Pierre-Robin-Sequenz

Sie ist charakterisiert durch drei Symptome:

  • kleiner Unterkiefer (Mikrognathie), fliehendes Kinn (Mikrogenie, mandibuläre Retrognathie)
  • in den Rachen verlagerte Zunge mit teilweiser Behinderung der Luftwege (Glossoptose, eventuelle Mikro- oder Makroglossie)[3], auch Stridor
  • U-förmige Gaumenspalte (in 60 % bis 80 % der Fälle)



Ferner finden sich:

  • Herzfehler in 15–25 %
  • Veränderungen an den Extremitäten: angeborene Extremitätenamputationen, Klumpfuß, Hüftluxation, Syndaktylie
  • Veränderungen an den Augen: Strabismus, Glaukom, Mikrophthalmie
  • geistige Behinderung in bis zu 20 %[4]

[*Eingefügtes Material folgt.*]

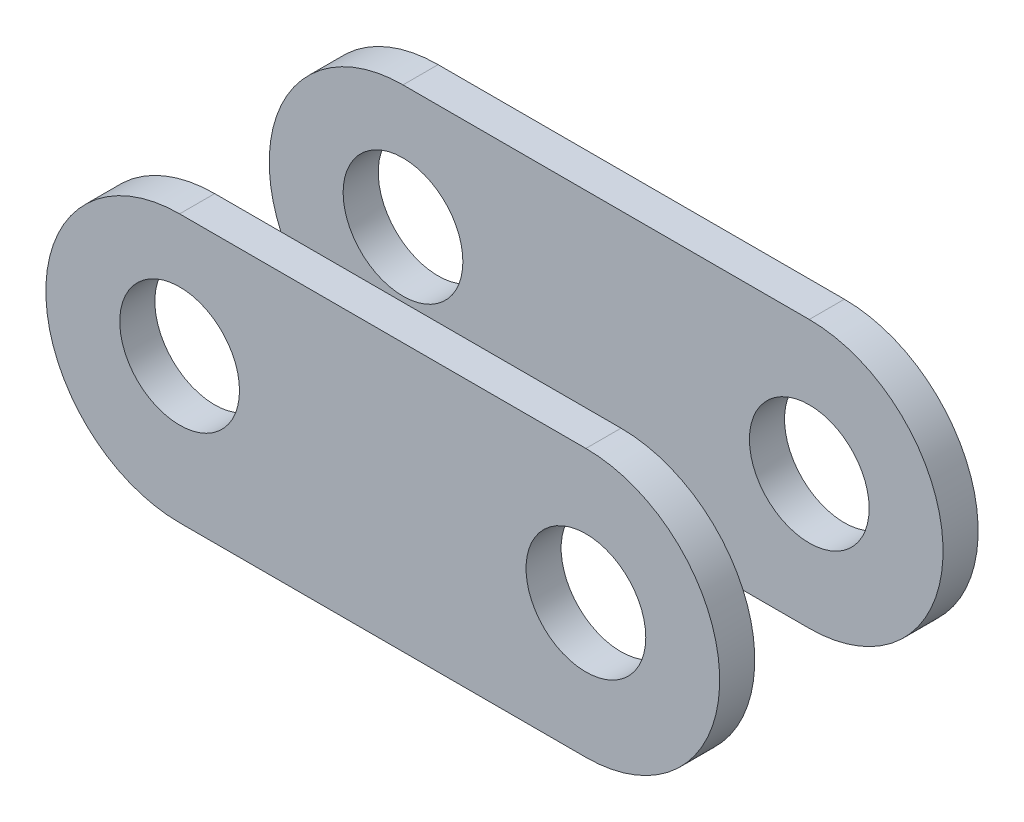
SolidWorks part; units mm, degrees
ref_plane "Front Plane" through (0, 0, 0) normal (0, 0, 1) x (1, 0, 0)
ref_plane "Top Plane" through (0, 0, 0) normal (0, 1, 0) x (1, 0, 0)
ref_plane "Right Plane" through (0, 0, 0) normal (1, 0, 0) x (0, 0, -1)
sketch "Sketch2" plane through (0, 0, 0) normal (0, 0, 1) x (1, 0, 0)
  line L0 (-9.4658, 0) -> (3.031, 0) construction
  line L1 (3.1153, 0) -> (-3.1153, 0) construction
  line L2 (-9.4658, 4.1148) -> (3.031, 4.1148)
  line L3 (-9.4658, -4.1148) -> (3.031, -4.1148)
  arc A0 (-9.4658, 4.1148) -> (-9.4658, -4.1148) centre (-9.4658, 0) ccw
  arc A1 (3.031, -4.1148) -> (3.031, 4.1148) centre (3.031, 0) ccw
  circle A2 centre (-9.4658, 0.3281) radius 1.8415
  circle A3 centre (3.031, 0) radius 1.8415
  point P5 (-3.2174, 0)
  dimension "D1" = 3.683
  dimension "D2" = 3.683
  dimension "D3" = 12.4968
  dimension "D4" = 8.2296
extrude "Boss-Extrude1" add sketch "Sketch2" along normal blind 3.9751 and the other way blind 3.9751
sketch "Sketch3" plane through (0, 4.1148, 0) normal (0, 1, 0) x (1, 0, 0)
  line L0 (-13.5806, 3.9751) -> (-13.5806, -3.9751) construction
  line L1 (-13.5806, 2.8956) -> (7.1458, 2.8956)
  line L2 (-13.5806, 2.8956) -> (-13.5806, -2.8956)
  line L3 (-13.5806, -2.8956) -> (7.1458, -2.8956)
  line L4 (7.1458, 2.8956) -> (7.1458, -2.8956)
  line L5 (7.1458, -3.9751) -> (7.1458, 3.9751) construction
  line L6 (3.031, -3.9751) -> (-9.4658, -3.9751) construction
  dimension "D1" = 5.7912
  dimension "D2" = 1.0795
extrude "Cut-Extrude1" cut sketch "Sketch3" against normal through all
sketch "Sketch6" [suppressed] plane through (0, 4.1148, 0) normal (0, 1, 0) x (1, 0, 0)
  line L0 (-13.5806, 3.9751) -> (-13.5806, -3.9751) construction
  line L1 (-13.5806, 1.6891) -> (7.1458, 1.6891)
  line L2 (-13.5806, 1.6891) -> (-13.5806, -1.6891)
  line L3 (-13.5806, -1.6891) -> (7.1458, -1.6891)
  line L4 (7.1458, 1.6891) -> (7.1458, -1.6891)
  line L5 (7.1458, -3.9751) -> (7.1458, 3.9751) construction
  line L6 (3.031, 3.9751) -> (-9.4658, 3.9751) construction
  line L7 (3.031, -3.9751) -> (-9.4658, -3.9751) construction
  dimension "D1" = 2.286
  dimension "D2" = 2.286
extrude "Cut-Extrude2" [suppressed] cut sketch "Sketch6" against normal through all
sketch "Sketch7" [suppressed] plane through (0, 4.1148, 0) normal (0, 1, 0) x (1, 0, 0)
  line L0 (-13.5806, 3.9751) -> (-13.5806, 1.6891) construction
  line L1 (7.1458, 3.9751) -> (-13.5806, 3.9751)
  line L2 (7.1458, 3.9751) -> (7.1458, 2.8321)
  line L3 (7.1458, 2.8321) -> (-13.5806, 2.8321)
  line L4 (-13.5806, 3.9751) -> (-13.5806, 2.8321)
extrude "Cut-Extrude3" [suppressed] cut sketch "Sketch7" against normal through all
sketch "Sketch8" [suppressed] plane through (0, 4.1148, 0) normal (0, 1, 0) x (1, 0, 0)
  line L0 (-13.5806, -1.6891) -> (-13.5806, -3.9751) construction
  line L1 (7.1458, -3.9751) -> (-13.5806, -3.9751)
  line L2 (7.1458, -3.9751) -> (7.1458, -2.8321)
  line L3 (7.1458, -2.8321) -> (-13.5806, -2.8321)
  line L4 (-13.5806, -3.9751) -> (-13.5806, -2.8321)
  dimension "D1" = 1.143
extrude "Cut-Extrude4" [suppressed] cut sketch "Sketch8" against normal through all
equation "\"D1@Sketch2\"= \"D2@Sketch2\""
equation "\"D2@Sketch6\"= \"D1@Sketch6\""

Eine Erklärung nimmt an, dass durch den verkleinerten Unterkiefer die Zunge nach hinten und nach oben gedrängt wird. Dadurch soll das Verschmelzen der Gaumenfortsätze des linken und des rechten Oberkieferwulstes während der Embryonalentwicklung verhindert werden und eine Gaumenspalte entstehen. Hier wird die Gaumenspalte zur Pierre Robin Sequenz gezählt und nicht zur Lippen Kiefer Gaumenspalte, sondern heißt dann Lippen Kieferspalte.

Eine andere Erklärung sieht die primäre Ursache in einer Störung der Zungenentwicklung. Die verzögerte Zungenentwicklung verhindert die Streckung des Unterkiefers und bewirkt die Mikrogenie. 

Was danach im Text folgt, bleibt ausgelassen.